PROBLEM REQUIREMENTS >> Transcribe all data verbatim. Skip the pictures.
------------------------------------------------------------
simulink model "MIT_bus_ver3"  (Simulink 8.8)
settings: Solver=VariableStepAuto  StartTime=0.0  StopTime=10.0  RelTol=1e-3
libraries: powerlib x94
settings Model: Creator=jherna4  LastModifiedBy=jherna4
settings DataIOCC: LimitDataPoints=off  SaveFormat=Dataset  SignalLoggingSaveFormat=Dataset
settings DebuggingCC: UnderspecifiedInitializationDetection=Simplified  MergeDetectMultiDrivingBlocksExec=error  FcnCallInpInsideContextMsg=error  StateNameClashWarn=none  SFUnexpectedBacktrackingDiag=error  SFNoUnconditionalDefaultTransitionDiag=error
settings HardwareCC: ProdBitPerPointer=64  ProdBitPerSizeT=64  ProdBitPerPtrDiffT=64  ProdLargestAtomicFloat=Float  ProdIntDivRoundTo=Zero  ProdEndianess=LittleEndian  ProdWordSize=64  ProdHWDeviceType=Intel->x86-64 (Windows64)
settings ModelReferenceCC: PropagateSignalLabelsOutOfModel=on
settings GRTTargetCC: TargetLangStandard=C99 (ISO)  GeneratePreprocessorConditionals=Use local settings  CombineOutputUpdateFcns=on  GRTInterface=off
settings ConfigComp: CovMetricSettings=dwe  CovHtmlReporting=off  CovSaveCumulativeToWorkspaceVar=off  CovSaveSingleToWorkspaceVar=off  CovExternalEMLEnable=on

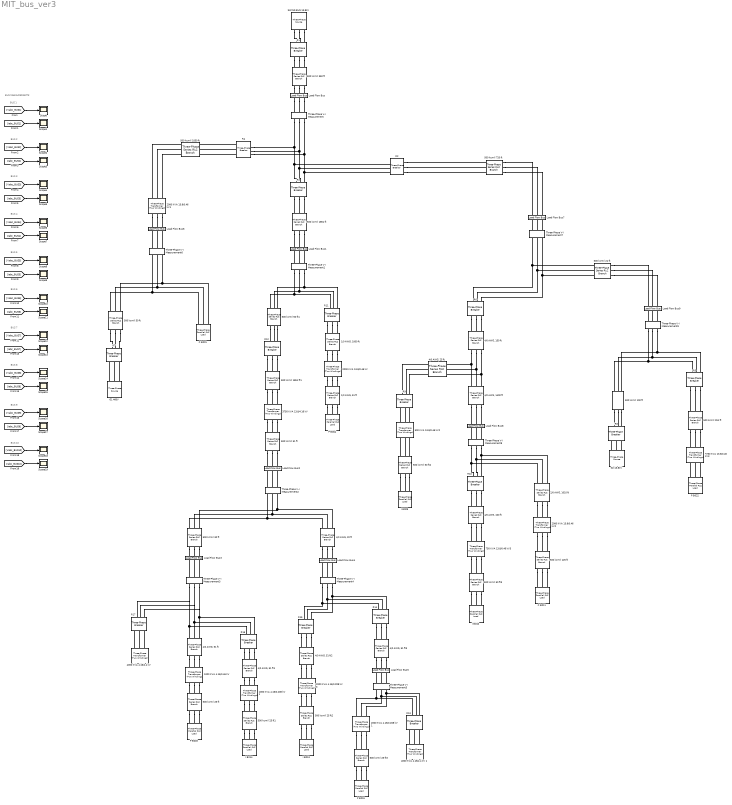
== system MIT_bus_ver3 ==
  note: BUS MEASUREMENTS:
  note: BUS 1
  note: BUS 2
  note: BUS 3
  note: BUS 4
  note: BUS 5
  note: BUS 6
  note: BUS 7
  note: BUS 8
  note: BUS 9
  note: BUS 10
  "1/0 AWG, 1000 ft" : powerlib/Elements/Three-Phase Series RLC Branch  LConnTagsString=A|B|C  RConnTagsString=A|B|C  BranchType=RL  Resistance=128e-3  Inductance=109.81e-6  Measurements=None
  "1/0 AWG, 51 ft" : powerlib/Elements/Three-Phase Series RLC Branch  LConnTagsString=A|B|C  RConnTagsString=A|B|C  BranchType=RL  Resistance=6.53e-3  Inductance=5.6e-6  Measurements=None
  1000 KVA 4.16/0.208 kV 1 : powerlib/Elements/Three-Phase Transformer (Two Windings)  Winding1Connection=Yg  Winding2Connection=Yg  CoreType=Three single-phase transformers  SetSaturation=off  Hysteresis=off  DataFile='hysteresis'  SetInitialFlux=off  Measurements=None  UNITS=pu  NominalPower=[ 1000e3 , 60 ]  Winding1=[4.16e3 0.011 0.02]  Winding2=[0.208e3 0 0]  Rm=500  Lm=500  L0=0.5  Saturation=[0 0;0.0024 1.2;1 1.52]  InitialFluxes=[0.8 -0.8 0.7]  MoreParameters=off  BreakLoop=off  DataType=off  TransfoNumber=1
  "1000 KVA 4.16/0.46 kV " : powerlib/Elements/Three-Phase Transformer (Two Windings)  Winding1Connection=Yg  Winding2Connection=Yg  CoreType=Three single-phase transformers  SetSaturation=off  Hysteresis=off  DataFile='hysteresis'  SetInitialFlux=off  Measurements=None  UNITS=pu  NominalPower=[ 1000e3 , 60 ]  Winding1=[4.16e3 0.011 0.02]  Winding2=[0.46e3 0 0]  Rm=500  Lm=500  L0=0.5  Saturation=[0 0;0.0024 1.2;1 1.52]  InitialFluxes=[0.8 -0.8 0.7]  MoreParameters=off  BreakLoop=off  DataType=off  TransfoNumber=1
  "2/0 AWG, 1010 ft" : powerlib/Elements/Three-Phase Series RLC Branch  LConnTagsString=A|B|C  RConnTagsString=A|B|C  BranchType=RL  Resistance=103e-3  Inductance=109e-6  Measurements=None
  2000 KVA 13.8/0.46 kV : powerlib/Elements/Three-Phase Transformer (Two Windings)  Winding1Connection=Yg  Winding2Connection=Yg  CoreType=Three single-phase transformers  SetSaturation=off  Hysteresis=off  DataFile='hysteresis'  SetInitialFlux=off  Measurements=None  UNITS=pu  NominalPower=[ 2000e3 , 60 ]  Winding1=[13.8e3 0.011 0.02]  Winding2=[0.46e3 0 0]  Rm=500  Lm=500  L0=0.5  Saturation=[0 0;0.0024 1.2;1 1.52]  InitialFluxes=[0.8 -0.8 0.7]  MoreParameters=off  BreakLoop=off  DataType=off  TransfoNumber=1
  2000 KVA 13.8/0.46 kV1 : powerlib/Elements/Three-Phase Transformer (Two Windings)  Winding1Connection=Yg  Winding2Connection=Yg  CoreType=Three single-phase transformers  SetSaturation=off  Hysteresis=off  DataFile='hysteresis'  SetInitialFlux=off  Measurements=None  UNITS=pu  NominalPower=[ 2000e3 , 60 ]  Winding1=[13.8e3 0.011 0.02]  Winding2=[460 0 0]  Rm=500  Lm=500  L0=0.5  Saturation=[0 0;0.0024 1.2;1 1.52]  InitialFluxes=[0.8 -0.8 0.7]  MoreParameters=off  BreakLoop=off  DataType=off  TransfoNumber=1
  2000 KVA 13.8/0.46 kV2 : powerlib/Elements/Three-Phase Transformer (Two Windings)  Winding1Connection=Yg  Winding2Connection=Yg  CoreType=Three single-phase transformers  SetSaturation=off  Hysteresis=off  DataFile='hysteresis'  SetInitialFlux=off  Measurements=None  UNITS=pu  NominalPower=[ 2000e3 , 60 ]  Winding1=[13.8e3 0.011 0.02]  Winding2=[0.46e3 0 0]  Rm=500  Lm=500  L0=0.5  Saturation=[0 0;0.0024 1.2;1 1.52]  InitialFluxes=[0.8 -0.8 0.7]  MoreParameters=off  BreakLoop=off  DataType=off  TransfoNumber=1
  2000 KVA 4.16/0.208 kV 1 : powerlib/Elements/Three-Phase Transformer (Two Windings)  Winding1Connection=Yg  Winding2Connection=Yg  CoreType=Three single-phase transformers  SetSaturation=off  Hysteresis=off  DataFile='hysteresis'  SetInitialFlux=off  Measurements=None  UNITS=pu  NominalPower=[ 2000e3 , 60 ]  Winding1=[4.16e3 0.011 0.02]  Winding2=[0.208e3 0 0]  Rm=500  Lm=500  L0=0.5  Saturation=[0 0;0.0024 1.2;1 1.52]  InitialFluxes=[0.8 -0.8 0.7]  MoreParameters=off  BreakLoop=off  DataType=off  TransfoNumber=1
  2000 KVA 4.16/0.208 kV 3 : powerlib/Elements/Three-Phase Transformer (Two Windings)  Winding1Connection=Yg  Winding2Connection=Yg  CoreType=Three single-phase transformers  SetSaturation=off  Hysteresis=off  DataFile='hysteresis'  SetInitialFlux=off  Measurements=None  UNITS=pu  NominalPower=[ 2000e3 , 60 ]  Winding1=[4.16e3 0.011 0.02]  Winding2=[0.208e3 0 0]  Rm=500  Lm=500  L0=0.5  Saturation=[0 0;0.0024 1.2;1 1.52]  InitialFluxes=[0.8 -0.8 0.7]  MoreParameters=off  BreakLoop=off  DataType=off  TransfoNumber=1
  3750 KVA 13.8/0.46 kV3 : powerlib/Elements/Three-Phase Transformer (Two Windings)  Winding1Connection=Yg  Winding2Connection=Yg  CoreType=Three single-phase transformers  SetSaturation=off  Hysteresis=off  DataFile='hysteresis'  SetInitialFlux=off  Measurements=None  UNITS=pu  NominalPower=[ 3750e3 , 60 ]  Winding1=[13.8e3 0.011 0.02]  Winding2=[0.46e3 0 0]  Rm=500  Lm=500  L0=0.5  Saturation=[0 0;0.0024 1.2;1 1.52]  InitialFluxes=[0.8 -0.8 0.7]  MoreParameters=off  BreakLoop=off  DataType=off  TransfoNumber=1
------------------------------------------------------------
OUTPUT OF THE TASK >>
simulink model "MIT_bus_ver3"  (Simulink 8.8)
settings: Solver=VariableStepAuto  StartTime=0.0  StopTime=10.0  RelTol=1e-3
libraries: powerlib x94
settings Model: Creator=jherna4  LastModifiedBy=jherna4
settings DataIOCC: LimitDataPoints=off  SaveFormat=Dataset  SignalLoggingSaveFormat=Dataset
settings DebuggingCC: UnderspecifiedInitializationDetection=Simplified  MergeDetectMultiDrivingBlocksExec=error  FcnCallInpInsideContextMsg=error  StateNameClashWarn=none  SFUnexpectedBacktrackingDiag=error  SFNoUnconditionalDefaultTransitionDiag=error
settings HardwareCC: ProdBitPerPointer=64  ProdBitPerSizeT=64  ProdBitPerPtrDiffT=64  ProdLargestAtomicFloat=Float  ProdIntDivRoundTo=Zero  ProdEndianess=LittleEndian  ProdWordSize=64  ProdHWDeviceType=Intel->x86-64 (Windows64)
settings ModelReferenceCC: PropagateSignalLabelsOutOfModel=on
settings GRTTargetCC: TargetLangStandard=C99 (ISO)  GeneratePreprocessorConditionals=Use local settings  CombineOutputUpdateFcns=on  GRTInterface=off
settings ConfigComp: CovMetricSettings=dwe  CovHtmlReporting=off  CovSaveCumulativeToWorkspaceVar=off  CovSaveSingleToWorkspaceVar=off  CovExternalEMLEnable=on

== system MIT_bus_ver3 ==
  note: BUS MEASUREMENTS:
  note: BUS 1
  note: BUS 2
  note: BUS 3
  note: BUS 4
  note: BUS 5
  note: BUS 6
  note: BUS 7
  note: BUS 8
  note: BUS 9
  note: BUS 10
  "1/0 AWG, 1000 ft" : powerlib/Elements/Three-Phase Series RLC Branch  LConnTagsString=A|B|C  RConnTagsString=A|B|C  BranchType=RL  Resistance=128e-3  Inductance=109.81e-6  Measurements=None
  "1/0 AWG, 51 ft" : powerlib/Elements/Three-Phase Series RLC Branch  LConnTagsString=A|B|C  RConnTagsString=A|B|C  BranchType=RL  Resistance=6.53e-3  Inductance=5.6e-6  Measurements=None
  1000 KVA 4.16/0.208 kV 1 : powerlib/Elements/Three-Phase Transformer (Two Windings)  Winding1Connection=Yg  Winding2Connection=Yg  CoreType=Three single-phase transformers  SetSaturation=off  Hysteresis=off  DataFile='hysteresis'  SetInitialFlux=off  Measurements=None  UNITS=pu  NominalPower=[ 1000e3 , 60 ]  Winding1=[4.16e3 0.011 0.02]  Winding2=[0.208e3 0 0]  Rm=500  Lm=500  L0=0.5  Saturation=[0 0;0.0024 1.2;1 1.52]  InitialFluxes=[0.8 -0.8 0.7]  MoreParameters=off  BreakLoop=off  DataType=off  TransfoNumber=1
  "1000 KVA 4.16/0.46 kV " : powerlib/Elements/Three-Phase Transformer (Two Windings)  Winding1Connection=Yg  Winding2Connection=Yg  CoreType=Three single-phase transformers  SetSaturation=off  Hysteresis=off  DataFile='hysteresis'  SetInitialFlux=off  Measurements=None  UNITS=pu  NominalPower=[ 1000e3 , 60 ]  Winding1=[4.16e3 0.011 0.02]  Winding2=[0.46e3 0 0]  Rm=500  Lm=500  L0=0.5  Saturation=[0 0;0.0024 1.2;1 1.52]  InitialFluxes=[0.8 -0.8 0.7]  MoreParameters=off  BreakLoop=off  DataType=off  TransfoNumber=1
  "2/0 AWG, 1010 ft" : powerlib/Elements/Three-Phase Series RLC Branch  LConnTagsString=A|B|C  RConnTagsString=A|B|C  BranchType=RL  Resistance=103e-3  Inductance=109e-6  Measurements=None
  2000 KVA 13.8/0.46 kV : powerlib/Elements/Three-Phase Transformer (Two Windings)  Winding1Connection=Yg  Winding2Connection=Yg  CoreType=Three single-phase transformers  SetSaturation=off  Hysteresis=off  DataFile='hysteresis'  SetInitialFlux=off  Measurements=None  UNITS=pu  NominalPower=[ 2000e3 , 60 ]  Winding1=[13.8e3 0.011 0.02]  Winding2=[0.46e3 0 0]  Rm=500  Lm=500  L0=0.5  Saturation=[0 0;0.0024 1.2;1 1.52]  InitialFluxes=[0.8 -0.8 0.7]  MoreParameters=off  BreakLoop=off  DataType=off  TransfoNumber=1
  2000 KVA 13.8/0.46 kV1 : powerlib/Elements/Three-Phase Transformer (Two Windings)  Winding1Connection=Yg  Winding2Connection=Yg  CoreType=Three single-phase transformers  SetSaturation=off  Hysteresis=off  DataFile='hysteresis'  SetInitialFlux=off  Measurements=None  UNITS=pu  NominalPower=[ 2000e3 , 60 ]  Winding1=[13.8e3 0.011 0.02]  Winding2=[460 0 0]  Rm=500  Lm=500  L0=0.5  Saturation=[0 0;0.0024 1.2;1 1.52]  InitialFluxes=[0.8 -0.8 0.7]  MoreParameters=off  BreakLoop=off  DataType=off  TransfoNumber=1
  2000 KVA 13.8/0.46 kV2 : powerlib/Elements/Three-Phase Transformer (Two Windings)  Winding1Connection=Yg  Winding2Connection=Yg  CoreType=Three single-phase transformers  SetSaturation=off  Hysteresis=off  DataFile='hysteresis'  SetInitialFlux=off  Measurements=None  UNITS=pu  NominalPower=[ 2000e3 , 60 ]  Winding1=[13.8e3 0.011 0.02]  Winding2=[0.46e3 0 0]  Rm=500  Lm=500  L0=0.5  Saturation=[0 0;0.0024 1.2;1 1.52]  InitialFluxes=[0.8 -0.8 0.7]  MoreParameters=off  BreakLoop=off  DataType=off  TransfoNumber=1
  2000 KVA 4.16/0.208 kV 1 : powerlib/Elements/Three-Phase Transformer (Two Windings)  Winding1Connection=Yg  Winding2Connection=Yg  CoreType=Three single-phase transformers  SetSaturation=off  Hysteresis=off  DataFile='hysteresis'  SetInitialFlux=off  Measurements=None  UNITS=pu  NominalPower=[ 2000e3 , 60 ]  Winding1=[4.16e3 0.011 0.02]  Winding2=[0.208e3 0 0]  Rm=500  Lm=500  L0=0.5  Saturation=[0 0;0.0024 1.2;1 1.52]  InitialFluxes=[0.8 -0.8 0.7]  MoreParameters=off  BreakLoop=off  DataType=off  TransfoNumber=1
  2000 KVA 4.16/0.208 kV 3 : powerlib/Elements/Three-Phase Transformer (Two Windings)  Winding1Connection=Yg  Winding2Connection=Yg  CoreType=Three single-phase transformers  SetSaturation=off  Hysteresis=off  DataFile='hysteresis'  SetInitialFlux=off  Measurements=None  UNITS=pu  NominalPower=[ 2000e3 , 60 ]  Winding1=[4.16e3 0.011 0.02]  Winding2=[0.208e3 0 0]  Rm=500  Lm=500  L0=0.5  Saturation=[0 0;0.0024 1.2;1 1.52]  InitialFluxes=[0.8 -0.8 0.7]  MoreParameters=off  BreakLoop=off  DataType=off  TransfoNumber=1
  3750 KVA 13.8/0.46 kV3 : powerlib/Elements/Three-Phase Transformer (Two Windings)  Winding1Connection=Yg  Winding2Connection=Yg  CoreType=Three single-phase transformers  SetSaturation=off  Hysteresis=off  DataFile='hysteresis'  SetInitialFlux=off  Measurements=None  UNITS=pu  NominalPower=[ 3750e3 , 60 ]  Winding1=[13.8e3 0.011 0.02]  Winding2=[0.46e3 0 0]  Rm=500  Lm=500  L0=0.5  Saturation=[0 0;0.0024 1.2;1 1.52]  InitialFluxes=[0.8 -0.8 0.7]  MoreParameters=off  BreakLoop=off  DataType=off  TransfoNumber=1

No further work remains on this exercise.